RBI Commands Lending Institutions to Follow Ex-Gratia Relief Scheme
- BY Jaspreet Kaur
Feature Writer, BusinessEx
- Nov 04,2020
- 13 Mins Read
The central bank of India, Reserve Bank of India (RBI) has lately commanded all lending institutions to pay the difference between compound interest and simple interest for six months ending August 31, 2020 to the borrowers in specified loan accounts. This notification has been rolled out after the Indian government proclaimed that November 5 was set as the deadline for returning the interest under "Ex-gratia Relief Scheme".
"The Indian government has announced the Scheme for grant of ex-gratia payment of difference between compound interest and simple interest for six months to borrowers in specified loan accounts (1.3.2020 to 31.8.2020) (the ‘Scheme’) on October 23, 2020, which mandates ex-gratia payment to certain categories of borrowers by way of crediting the difference between simple interest and compound interest for the period between March 1, 2020 to August 31, 2020 by respective lending institutions," RBI said in its statement.
The central bank has set an eligibility criteria under which borrowers, who loan accounts having sanctioned limits and outstanding amount of not exceeding INR 2 crore as on 29.2.2020. Loans which are eligible under ‘Ex-gratia Relief Scheme’ are MSME loans, Education loans, Household loans, Consumer Durable Loans, Credit Card Dues, Automobile loans, Personal loans to Professional, and Consumption loans.
Under the scheme, RBI would not cover loan accounts that were non-performing assets (NPA) as on 29.2.2020.
"The benchmarks and modalities of ex-gratia payment of difference between compound interest and simple interest under the scheme would be detailed in the attached operational guidelines. The rate of interest would be prevailing on 29.2.2020 i.e. in case the rate of interest has changed thereafter, it shall not be reckoned for purposes of this computation. The payable ex-gratia amount shall have to be credited to the account of the borrower by the lending institutions as ex-gratia payment under the scheme," RBI said in its guidelines.

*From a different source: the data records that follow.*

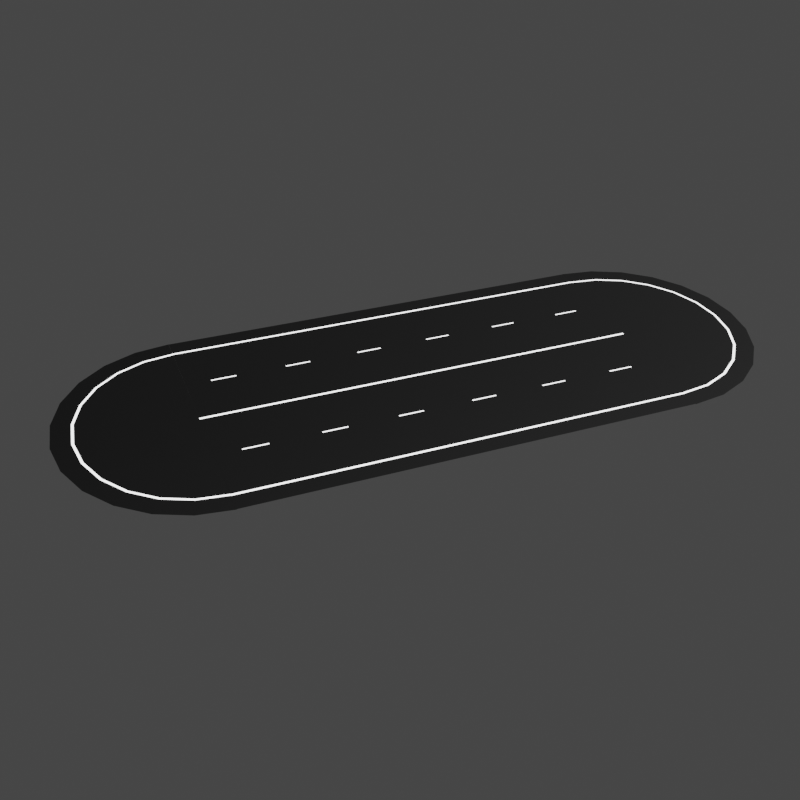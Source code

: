 # Source: Thumbnail.blend  (saved by Blender 2.80.75; exported with 4.5.12 LTS)
import bpy
from mathutils import Matrix  # noqa: F401  (used for matrix-valued properties, if any)

bpy.ops.wm.read_factory_settings(use_empty=True)
scene = bpy.context.scene
scene.name = 'Scene'

# ---- collections
col_collection = bpy.data.collections.new('Collection'); scene.collection.children.link(col_collection)

# ---- images (referenced by path relative to the original .blend; pixels are not part of the script)
import os
ASSET_DIR = os.environ.get("B2B_ASSET_DIR", "")  # directory of the original .blend (textures are referenced by path, not embedded)
HERE = os.path.dirname(os.path.abspath(__file__))  # packed textures are extracted next to this script under _unpacked/

def load_image(name, relpath, width, height, colorspace="sRGB"):
    """Load a texture the original file referenced (path relative to the .blend, or extracted next to this script)."""
    p = next((c for c in (os.path.join(HERE, relpath), os.path.join(ASSET_DIR, relpath)) if relpath and os.path.exists(c)), "")
    if p:
        img = bpy.data.images.load(p, check_existing=True)
        img.name = name
    else:  # same state as the original file: an image datablock whose file is absent (Cycles renders it pink)
        img = bpy.data.images.new(name, width, height)
        img.source = "FILE"
        img.filepath = "//" + (relpath or name)
    img.colorspace_settings.name = colorspace
    return img
img_road_end_004 = load_image('road_end.004', 'end_06.png', 1024, 1024, 'sRGB')
img_road_end_005 = load_image('road_end.005', 'end_06.png', 1024, 1024, 'sRGB')
img_road_003 = load_image('Road.003', 'road_06.png', 1024, 1024, 'sRGB')

# ---- materials (node trees are filled in below, after node groups)
mat_material_012 = bpy.data.materials.new('Material.012')
mat_material_011 = bpy.data.materials.new('Material.011')
mat_material_010 = bpy.data.materials.new('Material.010')
mat_material_015 = bpy.data.materials.new('Material.015')
mat_material_014 = bpy.data.materials.new('Material.014')
mat_material_013 = bpy.data.materials.new('Material.013')
mat_material_029 = bpy.data.materials.new('Material.029')
mat_material_028 = bpy.data.materials.new('Material.028')
mat_material_027 = bpy.data.materials.new('Material.027')

# ---- material node trees
mat_material_012.use_nodes = True; mat_material_012.node_tree.nodes.clear()
_N = mat_material_012.node_tree.nodes; _L = mat_material_012.node_tree.links
n0 = _N.new('ShaderNodeOutputMaterial'); n0.name = 'Material Output'; n0.location = (300, 300)
n1 = _N.new('ShaderNodeBsdfPrincipled'); n1.name = 'Principled BSDF'; n1.location = (10, 300)
n1.distribution = 'GGX'
n1.subsurface_method = 'BURLEY'
n1.inputs[0].default_value = (1.0, 1.0, 1.0, 1.0)
n1.inputs[3].default_value = 1.45
n1.inputs[27].default_value = (0.0, 0.0, 0.0, 1.0)
n1.inputs[28].default_value = 1.0
n2 = _N.new('ShaderNodeTexImage'); n2.name = 'Image Texture'; n2.location = (-4, 597)
n2.image = img_road_end_004
_L.new(n1.outputs[0], n0.inputs[0])
n0.is_active_output = True
mat_material_011.use_nodes = True; mat_material_011.node_tree.nodes.clear()
_N = mat_material_011.node_tree.nodes; _L = mat_material_011.node_tree.links
n0 = _N.new('ShaderNodeOutputMaterial'); n0.name = 'Material Output'; n0.location = (300, 300)
n1 = _N.new('ShaderNodeBsdfPrincipled'); n1.name = 'Principled BSDF'; n1.location = (10, 300)
n1.distribution = 'GGX'
n1.subsurface_method = 'BURLEY'
n1.inputs[0].default_value = (0.0, 0.0, 0.0, 1.0)
n1.inputs[3].default_value = 1.45
n1.inputs[13].default_value = 0.1261
n1.inputs[27].default_value = (0.0, 0.0, 0.0, 1.0)
n1.inputs[28].default_value = 1.0
n2 = _N.new('ShaderNodeTexImage'); n2.name = 'Image Texture'; n2.location = (24, 586)
n2.image = img_road_end_004
_L.new(n1.outputs[0], n0.inputs[0])
n0.is_active_output = True
mat_material_010.use_nodes = True; mat_material_010.node_tree.nodes.clear()
_N = mat_material_010.node_tree.nodes; _L = mat_material_010.node_tree.links
n0 = _N.new('ShaderNodeOutputMaterial'); n0.name = 'Material Output'; n0.location = (300, 300)
n1 = _N.new('ShaderNodeBsdfPrincipled'); n1.name = 'Principled BSDF'; n1.location = (10, 300)
n1.distribution = 'GGX'
n1.subsurface_method = 'BURLEY'
n1.inputs[0].default_value = (0.1193, 0.1193, 0.1193, 1.0)
n1.inputs[3].default_value = 1.45
n1.inputs[27].default_value = (0.0, 0.0, 0.0, 1.0)
n1.inputs[28].default_value = 1.0
n2 = _N.new('ShaderNodeTexImage'); n2.name = 'Image Texture'; n2.location = (20, 595)
n2.image = img_road_end_004
_L.new(n1.outputs[0], n0.inputs[0])
n0.is_active_output = True
mat_material_015.use_nodes = True; mat_material_015.node_tree.nodes.clear()
_N = mat_material_015.node_tree.nodes; _L = mat_material_015.node_tree.links
n0 = _N.new('ShaderNodeOutputMaterial'); n0.name = 'Material Output'; n0.location = (300, 300)
n1 = _N.new('ShaderNodeBsdfPrincipled'); n1.name = 'Principled BSDF'; n1.location = (10, 300)
n1.distribution = 'GGX'
n1.subsurface_method = 'BURLEY'
n1.inputs[0].default_value = (1.0, 1.0, 1.0, 1.0)
n1.inputs[3].default_value = 1.45
n1.inputs[27].default_value = (0.0, 0.0, 0.0, 1.0)
n1.inputs[28].default_value = 1.0
n2 = _N.new('ShaderNodeTexImage'); n2.name = 'Image Texture'; n2.location = (-4, 597)
n2.image = img_road_end_005
_L.new(n1.outputs[0], n0.inputs[0])
n0.is_active_output = True
mat_material_014.use_nodes = True; mat_material_014.node_tree.nodes.clear()
_N = mat_material_014.node_tree.nodes; _L = mat_material_014.node_tree.links
n0 = _N.new('ShaderNodeOutputMaterial'); n0.name = 'Material Output'; n0.location = (300, 300)
n1 = _N.new('ShaderNodeBsdfPrincipled'); n1.name = 'Principled BSDF'; n1.location = (10, 300)
n1.distribution = 'GGX'
n1.subsurface_method = 'BURLEY'
n1.inputs[0].default_value = (0.0, 0.0, 0.0, 1.0)
n1.inputs[3].default_value = 1.45
n1.inputs[13].default_value = 0.1261
n1.inputs[27].default_value = (0.0, 0.0, 0.0, 1.0)
n1.inputs[28].default_value = 1.0
n2 = _N.new('ShaderNodeTexImage'); n2.name = 'Image Texture'; n2.location = (24, 586)
n2.image = img_road_end_005
_L.new(n1.outputs[0], n0.inputs[0])
n0.is_active_output = True
mat_material_013.use_nodes = True; mat_material_013.node_tree.nodes.clear()
_N = mat_material_013.node_tree.nodes; _L = mat_material_013.node_tree.links
n0 = _N.new('ShaderNodeOutputMaterial'); n0.name = 'Material Output'; n0.location = (300, 300)
n1 = _N.new('ShaderNodeBsdfPrincipled'); n1.name = 'Principled BSDF'; n1.location = (10, 300)
n1.distribution = 'GGX'
n1.subsurface_method = 'BURLEY'
n1.inputs[0].default_value = (0.1193, 0.1193, 0.1193, 1.0)
n1.inputs[3].default_value = 1.45
n1.inputs[27].default_value = (0.0, 0.0, 0.0, 1.0)
n1.inputs[28].default_value = 1.0
n2 = _N.new('ShaderNodeTexImage'); n2.name = 'Image Texture'; n2.location = (20, 595)
n2.image = img_road_end_005
_L.new(n1.outputs[0], n0.inputs[0])
n0.is_active_output = True
mat_material_029.use_nodes = True; mat_material_029.node_tree.nodes.clear()
_N = mat_material_029.node_tree.nodes; _L = mat_material_029.node_tree.links
n0 = _N.new('ShaderNodeOutputMaterial'); n0.name = 'Material Output'; n0.location = (300, 300)
n1 = _N.new('ShaderNodeBsdfPrincipled'); n1.name = 'Principled BSDF'; n1.location = (10, 300)
n1.distribution = 'GGX'
n1.subsurface_method = 'BURLEY'
n1.inputs[0].default_value = (1.0, 1.0, 1.0, 1.0)
n1.inputs[3].default_value = 1.45
n1.inputs[27].default_value = (0.0, 0.0, 0.0, 1.0)
n1.inputs[28].default_value = 1.0
n2 = _N.new('ShaderNodeTexImage'); n2.name = 'Image Texture'; n2.location = (-4, 597)
n2.image = img_road_003
_L.new(n1.outputs[0], n0.inputs[0])
n0.is_active_output = True
mat_material_028.use_nodes = True; mat_material_028.node_tree.nodes.clear()
_N = mat_material_028.node_tree.nodes; _L = mat_material_028.node_tree.links
n0 = _N.new('ShaderNodeOutputMaterial'); n0.name = 'Material Output'; n0.location = (300, 300)
n1 = _N.new('ShaderNodeBsdfPrincipled'); n1.name = 'Principled BSDF'; n1.location = (10, 300)
n1.distribution = 'GGX'
n1.subsurface_method = 'BURLEY'
n1.inputs[0].default_value = (0.0, 0.0, 0.0, 1.0)
n1.inputs[3].default_value = 1.45
n1.inputs[13].default_value = 0.1261
n1.inputs[27].default_value = (0.0, 0.0, 0.0, 1.0)
n1.inputs[28].default_value = 1.0
n2 = _N.new('ShaderNodeTexImage'); n2.name = 'Image Texture'; n2.location = (24, 586)
n2.image = img_road_003
_L.new(n1.outputs[0], n0.inputs[0])
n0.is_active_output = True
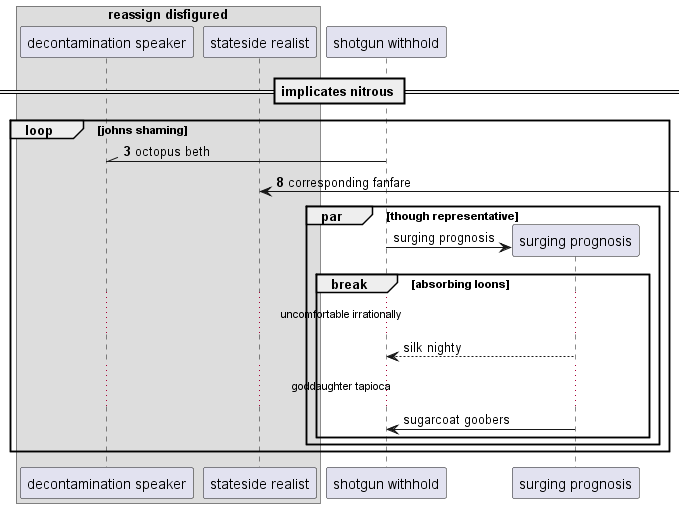

The diagram above was rendered by PlantUML. Its source (embedded in the PNG):
@startuml
box "reassign disfigured"
participant "decontamination speaker" as 0
participant "stateside realist" as 1
end box
participant "shotgun withhold" as 2
== implicates nitrous ==
autonumber 3 5
loop johns shaming
2 -\\ 0: octopus beth
1 <-] : corresponding fanfare
autonumber stop
par though representative
create participant "surging prognosis" as 3
2 -> 3 : surging prognosis
break absorbing loons
...uncomfortable irrationally...
3 --> 2: silk nighty
...goddaughter tapioca...
3 -> 2: sugarcoat goobers
autonumber resume
end
end
end
@enduml

Apart from this, borrowers who have availed any loan during the lockdown period will be getting an additional ex-gratia payment as per the central bank.
"After crediting the said amount in the respective accounts of eligible borrowers, the lending institutions can lodge their claim for reimbursement latest by 15.12.2020. Claims shall be submitted to designated officers or cell at the State Bank of India," the Central bank added.
How Will Simple Interest and Compound Interest be Counted ?
As all above-cited loans are in the form of term loans or demand loans, and not a cash credit or an overdraft facility, the outstanding in the account as at the end of 29.2.2020 will be the reference amount for TermLoans on which the interest (simple and compound) will be computed.
"While doing the computation, repayments in the loan account during the period to be reckoned will be ignored. This will make the approach of the lending institutions uniform for all borrowers, irrespective of whether they have fully availed or partially availed or not availed of the moratorium on repayment of the respective loans as announced," RBI stated in its statement.
Will Borrowers be Ultimately Benefited?
Borrowers are said to be benefitted under this relief scheme. However, the actual picture is contrary to what has been shown. The amount that would be returned by the lending institutions would be treated as income of the borrowers, thereby, levying it at the end of fiscal year.
"Cashback that would be received by borrowers will be considered as income and levied at the normal slab rate applicable. As no TDS is announced over this, a person would have to pay tax over this income. On the other hand, lending institutions would not be impacted by this scheme. Lending institutions would be reimbursed the amount that is disbursed to borrowers," Prabhjot Kaur, a practicing Chartered Accountant, told BusinessEx.
In this way, borrowers would not be truly benefitted. The relief scheme partially benefits the borrowers as they would have to show it as an income in the next financial year.